Taking only the lines of the data below from the line with "#20288 = EDGE_LOOP" to the line with "FILE_DESCRIPTION (( 'STEP AP203' ), '1' );", ends included, write them out exactly and without pictures.

::::::

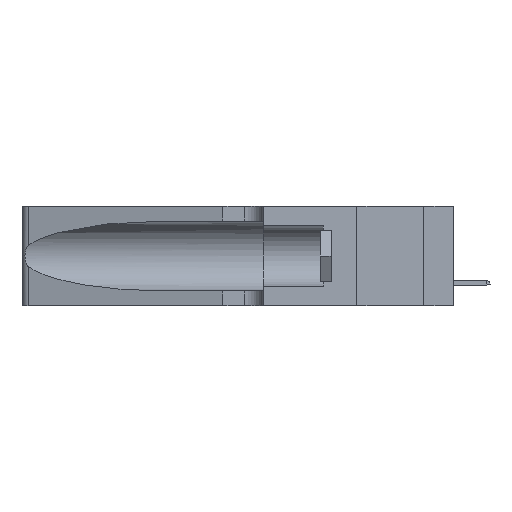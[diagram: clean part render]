
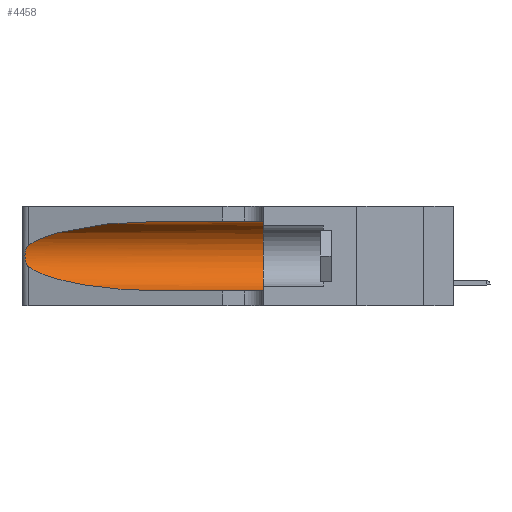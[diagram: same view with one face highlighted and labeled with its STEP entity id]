
A CAD part, left-side view. The second image highlights one B-rep face of the part: STEP entity #4458.
In plain terms, the highlighted cylindrical face has radius 3.308 mm (diameter 6.617 mm), a partial arc.
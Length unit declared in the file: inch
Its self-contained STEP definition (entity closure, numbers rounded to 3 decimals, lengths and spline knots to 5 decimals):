
#440 = CARTESIAN_POINT ( 'NONE',  ( 0.1305, 0.72297, 0.31525 ) ) ;
#667 = AXIS2_PLACEMENT_3D ( 'NONE', #14049, #18654, #10622 ) ;
#1139 = VERTEX_POINT ( 'NONE', #440 ) ;
#1249 = ORIENTED_EDGE ( 'NONE', *, *, #10650, .F. ) ;
#1529 = EDGE_CURVE ( 'NONE', #18255, #8891, #19605, .T. ) ;
#1754 = CARTESIAN_POINT ( 'NONE',  ( 0.1305, 0.72297, 0.05475 ) ) ;
#1806 = CARTESIAN_POINT ( 'NONE',  ( 0.25487, 1.22718, 0.14631 ) ) ;
#2385 = EDGE_CURVE ( 'NONE', #1139, #18255, #17655, .T. ) ;
#2471 = CARTESIAN_POINT ( 'NONE',  ( 0.18966, 0.96281, 0.05475 ) ) ;
#2823 = CARTESIAN_POINT ( 'NONE',  ( 0.26018, 1.23835, 0.19895 ) ) ;
#3536 = CARTESIAN_POINT ( 'NONE',  ( 0.1305, 1.61858, 0.31525 ) ) ;
#3698 = CARTESIAN_POINT ( 'NONE',  ( 0.1305, 0.72297, 0.31525 ) ) ;
#4083 = DIRECTION ( 'NONE',  ( 0., -1., 0. ) ) ;
#4458 = ADVANCED_FACE ( 'NONE', ( #7121 ), #18044, .F. ) ;
#4481 = CARTESIAN_POINT ( 'NONE',  ( 0.1305, 1.61858, 0.05475 ) ) ;
#4928 = VECTOR ( 'NONE', #15946, 39.37008 ) ;
#5569 = DIRECTION ( 'NONE',  ( 0., 0., -1. ) ) ;
#5749 = CARTESIAN_POINT ( 'NONE',  ( 0.25639, 1.23186, 0.15144 ) ) ;
#5939 = CARTESIAN_POINT ( 'NONE',  ( 0.25789, 1.23486, 0.15765 ) ) ;
#6050 = CARTESIAN_POINT ( 'NONE',  ( 0.26075, 1.23896, 0.19203 ) ) ;
#6509 = CARTESIAN_POINT ( 'NONE',  ( 0.18966, 0.96281, 0.31525 ) ) ;
#6781 = VECTOR ( 'NONE', #4083, 39.37008 ) ;
#7121 = FACE_OUTER_BOUND ( 'NONE', #20288, .T. ) ;
#7228 = DIRECTION ( 'NONE',  ( 0., -1., 0. ) ) ;
#8841 = CARTESIAN_POINT ( 'NONE',  ( 0.1305, 0.72297, 0.05475 ) ) ;
#8891 = VERTEX_POINT ( 'NONE', #1806 ) ;
#8903 = CARTESIAN_POINT ( 'NONE',  ( 0.25487, 1.22718, 0.22369 ) ) ;
#9083 = CARTESIAN_POINT ( 'NONE',  ( 0.26075, 1.23896, 0.178 ) ) ;
#9353 =( BOUNDED_CURVE ( )  B_SPLINE_CURVE ( 3, ( #11855, #16665, #2471, #8841 ),
 .UNSPECIFIED., .F., .T. ) 
 B_SPLINE_CURVE_WITH_KNOTS ( ( 4, 4 ),
 ( 3.44316, 4.71239 ),
 .UNSPECIFIED. ) 
 CURVE ( )  GEOMETRIC_REPRESENTATION_ITEM ( )  RATIONAL_B_SPLINE_CURVE ( ( 1., 0.87, 0.87, 1. ) ) 
 REPRESENTATION_ITEM ( '' )  );
#9574 = CIRCLE ( 'NONE', #667, 0.13025 ) ;
#10519 = CARTESIAN_POINT ( 'NONE',  ( 0.25639, 1.23184, 0.21858 ) ) ;
#10622 = DIRECTION ( 'NONE',  ( 0., 0., 1. ) ) ;
#10650 = EDGE_CURVE ( 'NONE', #14414, #11447, #9574, .T. ) ;
#10723 = EDGE_CURVE ( 'NONE', #1139, #14414, #11098, .T. ) ;
#10766 = ORIENTED_EDGE ( 'NONE', *, *, #1529, .T. ) ;
#10859 = VERTEX_POINT ( 'NONE', #1754 ) ;
#11098 = LINE ( 'NONE', #3536, #4928 ) ;
#11447 = VERTEX_POINT ( 'NONE', #19202 ) ;
#11515 = ORIENTED_EDGE ( 'NONE', *, *, #13810, .T. ) ;
#11855 = CARTESIAN_POINT ( 'NONE',  ( 0.25487, 1.22718, 0.14631 ) ) ;
#12005 = CARTESIAN_POINT ( 'NONE',  ( 0.26017, 1.23833, 0.17102 ) ) ;
#12208 = CARTESIAN_POINT ( 'NONE',  ( 0.25555, 1.22994, 0.2215 ) ) ;
#12422 = CARTESIAN_POINT ( 'NONE',  ( 0.25487, 1.22718, 0.14631 ) ) ;
#13436 = CARTESIAN_POINT ( 'NONE',  ( 0.1305, 1.61858, 0.185 ) ) ;
#13521 = CARTESIAN_POINT ( 'NONE',  ( 0.25555, 1.22993, 0.14849 ) ) ;
#13647 = ORIENTED_EDGE ( 'NONE', *, *, #10723, .F. ) ;
#13810 = EDGE_CURVE ( 'NONE', #8891, #10859, #9353, .T. ) ;
#13907 = CARTESIAN_POINT ( 'NONE',  ( 0.1305, 0.35, 0.31525 ) ) ;
#14049 = CARTESIAN_POINT ( 'NONE',  ( 0.1305, 0.35, 0.185 ) ) ;
#14414 = VERTEX_POINT ( 'NONE', #13907 ) ;
#14495 = CARTESIAN_POINT ( 'NONE',  ( 0.2373, 1.15595, 0.28018 ) ) ;
#14702 = CARTESIAN_POINT ( 'NONE',  ( 0.25487, 1.22718, 0.22369 ) ) ;
#15189 = CARTESIAN_POINT ( 'NONE',  ( 0.25856, 1.23593, 0.16098 ) ) ;
#15376 = LINE ( 'NONE', #4481, #6781 ) ;
#15451 = ORIENTED_EDGE ( 'NONE', *, *, #2385, .T. ) ;
#15946 = DIRECTION ( 'NONE',  ( 0., -1., 0. ) ) ;
#16665 = CARTESIAN_POINT ( 'NONE',  ( 0.2373, 1.15595, 0.08982 ) ) ;
#16693 = ORIENTED_EDGE ( 'NONE', *, *, #20286, .T. ) ;
#17655 =( BOUNDED_CURVE ( )  B_SPLINE_CURVE ( 3, ( #3698, #6509, #14495, #14702 ),
 .UNSPECIFIED., .F., .T. ) 
 B_SPLINE_CURVE_WITH_KNOTS ( ( 4, 4 ),
 ( 1.5708, 2.84003 ),
 .UNSPECIFIED. ) 
 CURVE ( )  GEOMETRIC_REPRESENTATION_ITEM ( )  RATIONAL_B_SPLINE_CURVE ( ( 1., 0.87, 0.87, 1. ) ) 
 REPRESENTATION_ITEM ( '' )  );
#17677 = AXIS2_PLACEMENT_3D ( 'NONE', #13436, #7228, #5569 ) ;
#18044 = CYLINDRICAL_SURFACE ( 'NONE', #17677, 0.13025 ) ;
#18255 = VERTEX_POINT ( 'NONE', #18832 ) ;
#18425 = CARTESIAN_POINT ( 'NONE',  ( 0.25787, 1.23484, 0.2124 ) ) ;
#18635 = CARTESIAN_POINT ( 'NONE',  ( 0.25854, 1.2359, 0.20912 ) ) ;
#18654 = DIRECTION ( 'NONE',  ( 0., 1., 0. ) ) ;
#18832 = CARTESIAN_POINT ( 'NONE',  ( 0.25487, 1.22718, 0.22369 ) ) ;
#19202 = CARTESIAN_POINT ( 'NONE',  ( 0.1305, 0.35, 0.05475 ) ) ;
#19605 = B_SPLINE_CURVE_WITH_KNOTS ( 'NONE', 3,
 ( #8903, #12208, #10519, #18425, #18635, #2823, #6050, #9083, #12005, #15189, #5939, #5749, #13521, #12422 ),
 .UNSPECIFIED., .F., .F.,
 ( 4, 2, 2, 2, 2, 2, 4 ),
 ( 0., 0.00027, 0.00053, 0.00107, 0.0016, 0.00187, 0.00214 ),
 .UNSPECIFIED. ) ;
#20286 = EDGE_CURVE ( 'NONE', #10859, #11447, #15376, .T. ) ;
#20288 = EDGE_LOOP ( 'NONE', ( #15451, #10766, #11515, #16693, #1249, #13647 ) ) ;
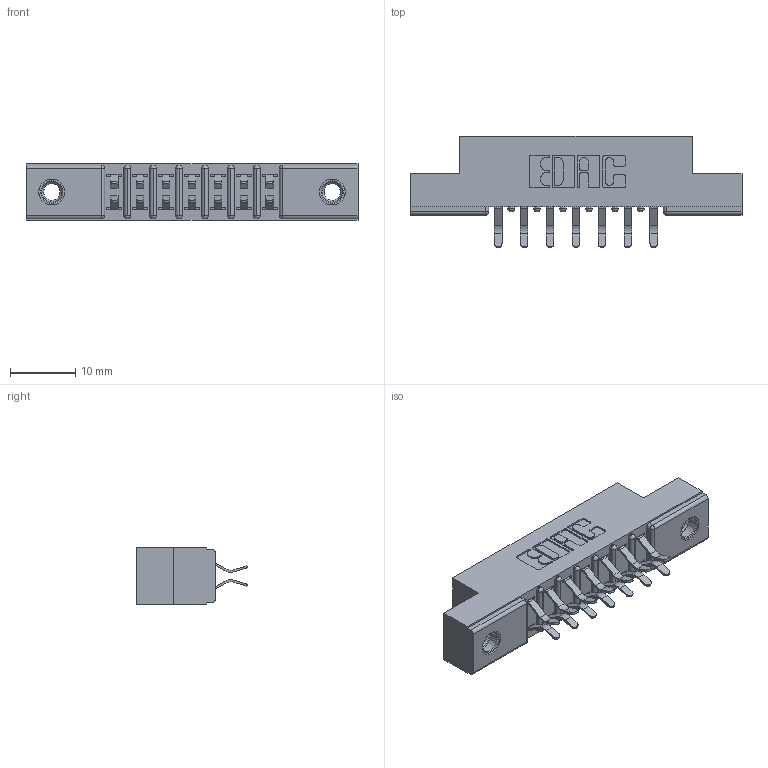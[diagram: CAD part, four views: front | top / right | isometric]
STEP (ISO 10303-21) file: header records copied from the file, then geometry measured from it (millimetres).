
FILE_DESCRIPTION (( 'STEP AP203' ), '1' );
FILE_NAME ('307-014-556-207.STEP', '2019-09-05T18:50:06', ( '' ), ( '' ), 'SwSTEP 2.0', 'SolidWorks 2016', '' );
FILE_SCHEMA (( 'CONFIG_CONTROL_DESIGN' ));
Length unit declared in the file: inch
Products named in the file (4): 307 Part_.156 Dia Mounting Holes; 307-290-001_556; 307-014-556-207; 345-250-001_345-250-005-103
Assembly tree (17 placements, depth 2):
  307-014-556-207
    307 Part_.156 Dia Mounting Holes
    307-290-001_556  x14
    345-250-001_345-250-005-103  x2
Bounding box: 50.75 x 16.97 x 8.71 mm (x, y, z)
Volume: 3305.2 mm3; surface area: 5079.6 mm2
Topology: 17 solids, 17 shells, 886 faces, 2447 edges, 1582 vertices
Faces by surface type: plane 564, cylinder 290, sphere 16, cone 12, torus 4
Entity records: 11829 total; most frequent: CARTESIAN_POINT 1930, DIRECTION 1915, ORIENTED_EDGE 1902, EDGE_CURVE 951, VECTOR 713, LINE 713, VERTEX_POINT 616, AXIS2_PLACEMENT_3D 601
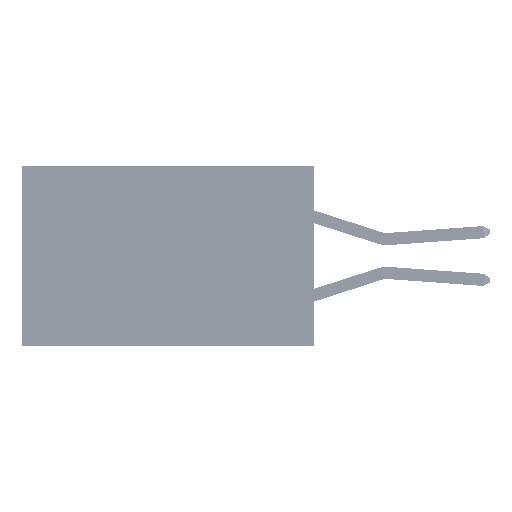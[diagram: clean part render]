
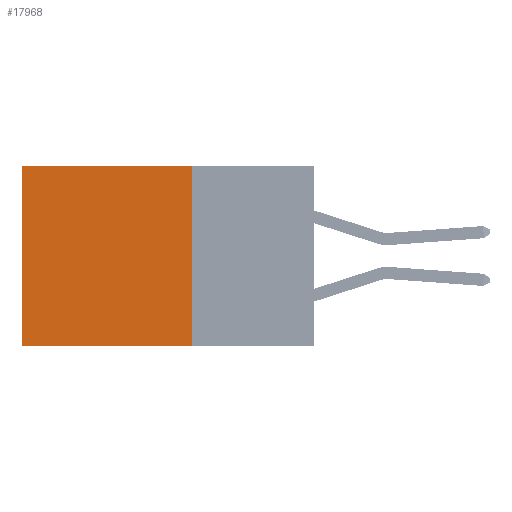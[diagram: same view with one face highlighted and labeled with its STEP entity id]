
A CAD part, left-side view. The second image highlights one B-rep face of the part: STEP entity #17968.
In plain terms, the highlighted planar face has unit normal (-1, 0, 0).
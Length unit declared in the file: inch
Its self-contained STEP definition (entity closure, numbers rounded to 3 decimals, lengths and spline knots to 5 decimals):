
#2433 = VERTEX_POINT ( 'NONE', #7855 ) ;
#2437 = ORIENTED_EDGE ( 'NONE', *, *, #43885, .F. ) ;
#4586 = VECTOR ( 'NONE', #6927, 39.37008 ) ;
#5249 = ORIENTED_EDGE ( 'NONE', *, *, #12354, .T. ) ;
#6584 = ORIENTED_EDGE ( 'NONE', *, *, #41110, .F. ) ;
#6757 = FACE_OUTER_BOUND ( 'NONE', #34991, .T. ) ;
#6927 = DIRECTION ( 'NONE',  ( 0., 1., 0. ) ) ;
#7378 = VERTEX_POINT ( 'NONE', #32328 ) ;
#7768 = DIRECTION ( 'NONE',  ( 0., 0., -1. ) ) ;
#7799 = LINE ( 'NONE', #17652, #28678 ) ;
#7855 = CARTESIAN_POINT ( 'NONE',  ( 0.2875, 0.6, 0. ) ) ;
#12354 = EDGE_CURVE ( 'NONE', #2433, #7378, #7799, .T. ) ;
#16785 = DIRECTION ( 'NONE',  ( 0., 1., 0. ) ) ;
#17652 = CARTESIAN_POINT ( 'NONE',  ( 0.2875, 0.6, 0. ) ) ;
#17968 = ADVANCED_FACE ( 'NONE', ( #6757 ), #27969, .F. ) ;
#18166 = VERTEX_POINT ( 'NONE', #25791 ) ;
#19466 = LINE ( 'NONE', #30471, #45711 ) ;
#23981 = CARTESIAN_POINT ( 'NONE',  ( 0.2875, 0.25, 0. ) ) ;
#24310 = DIRECTION ( 'NONE',  ( 1., 0., 0. ) ) ;
#25791 = CARTESIAN_POINT ( 'NONE',  ( 0.2875, 0.25, -0.37 ) ) ;
#27969 = PLANE ( 'NONE',  #35758 ) ;
#28678 = VECTOR ( 'NONE', #32834, 39.37008 ) ;
#29694 = LINE ( 'NONE', #35978, #33261 ) ;
#30275 = LINE ( 'NONE', #44747, #4586 ) ;
#30471 = CARTESIAN_POINT ( 'NONE',  ( 0.2875, 0.25, 0. ) ) ;
#32328 = CARTESIAN_POINT ( 'NONE',  ( 0.2875, 0.6, -0.37 ) ) ;
#32834 = DIRECTION ( 'NONE',  ( 0., 0., -1. ) ) ;
#33261 = VECTOR ( 'NONE', #16785, 39.37008 ) ;
#34991 = EDGE_LOOP ( 'NONE', ( #5249, #6584, #2437, #37861 ) ) ;
#35758 = AXIS2_PLACEMENT_3D ( 'NONE', #23981, #24310, #42936 ) ;
#35978 = CARTESIAN_POINT ( 'NONE',  ( 0.2875, 0.25, 0. ) ) ;
#37861 = ORIENTED_EDGE ( 'NONE', *, *, #40908, .T. ) ;
#40908 = EDGE_CURVE ( 'NONE', #44297, #2433, #29694, .T. ) ;
#41110 = EDGE_CURVE ( 'NONE', #18166, #7378, #30275, .T. ) ;
#42936 = DIRECTION ( 'NONE',  ( 0., 0., -1. ) ) ;
#43229 = CARTESIAN_POINT ( 'NONE',  ( 0.2875, 0.25, 0. ) ) ;
#43885 = EDGE_CURVE ( 'NONE', #44297, #18166, #19466, .T. ) ;
#44297 = VERTEX_POINT ( 'NONE', #43229 ) ;
#44747 = CARTESIAN_POINT ( 'NONE',  ( 0.2875, 0.25, -0.37 ) ) ;
#45711 = VECTOR ( 'NONE', #7768, 39.37008 ) ;

::::::

ANSWER SPACE
#20288 = EDGE_LOOP ( 'NONE', ( #15451, #10766, #11515, #16693, #1249, #13647 ) ) ;
[diagram: CAD part, four views: front | top / right | isometric]
STEP (ISO 10303-21) file: header records copied from the file, then geometry measured from it (millimetres).
FILE_DESCRIPTION (( 'STEP AP203' ), '1' );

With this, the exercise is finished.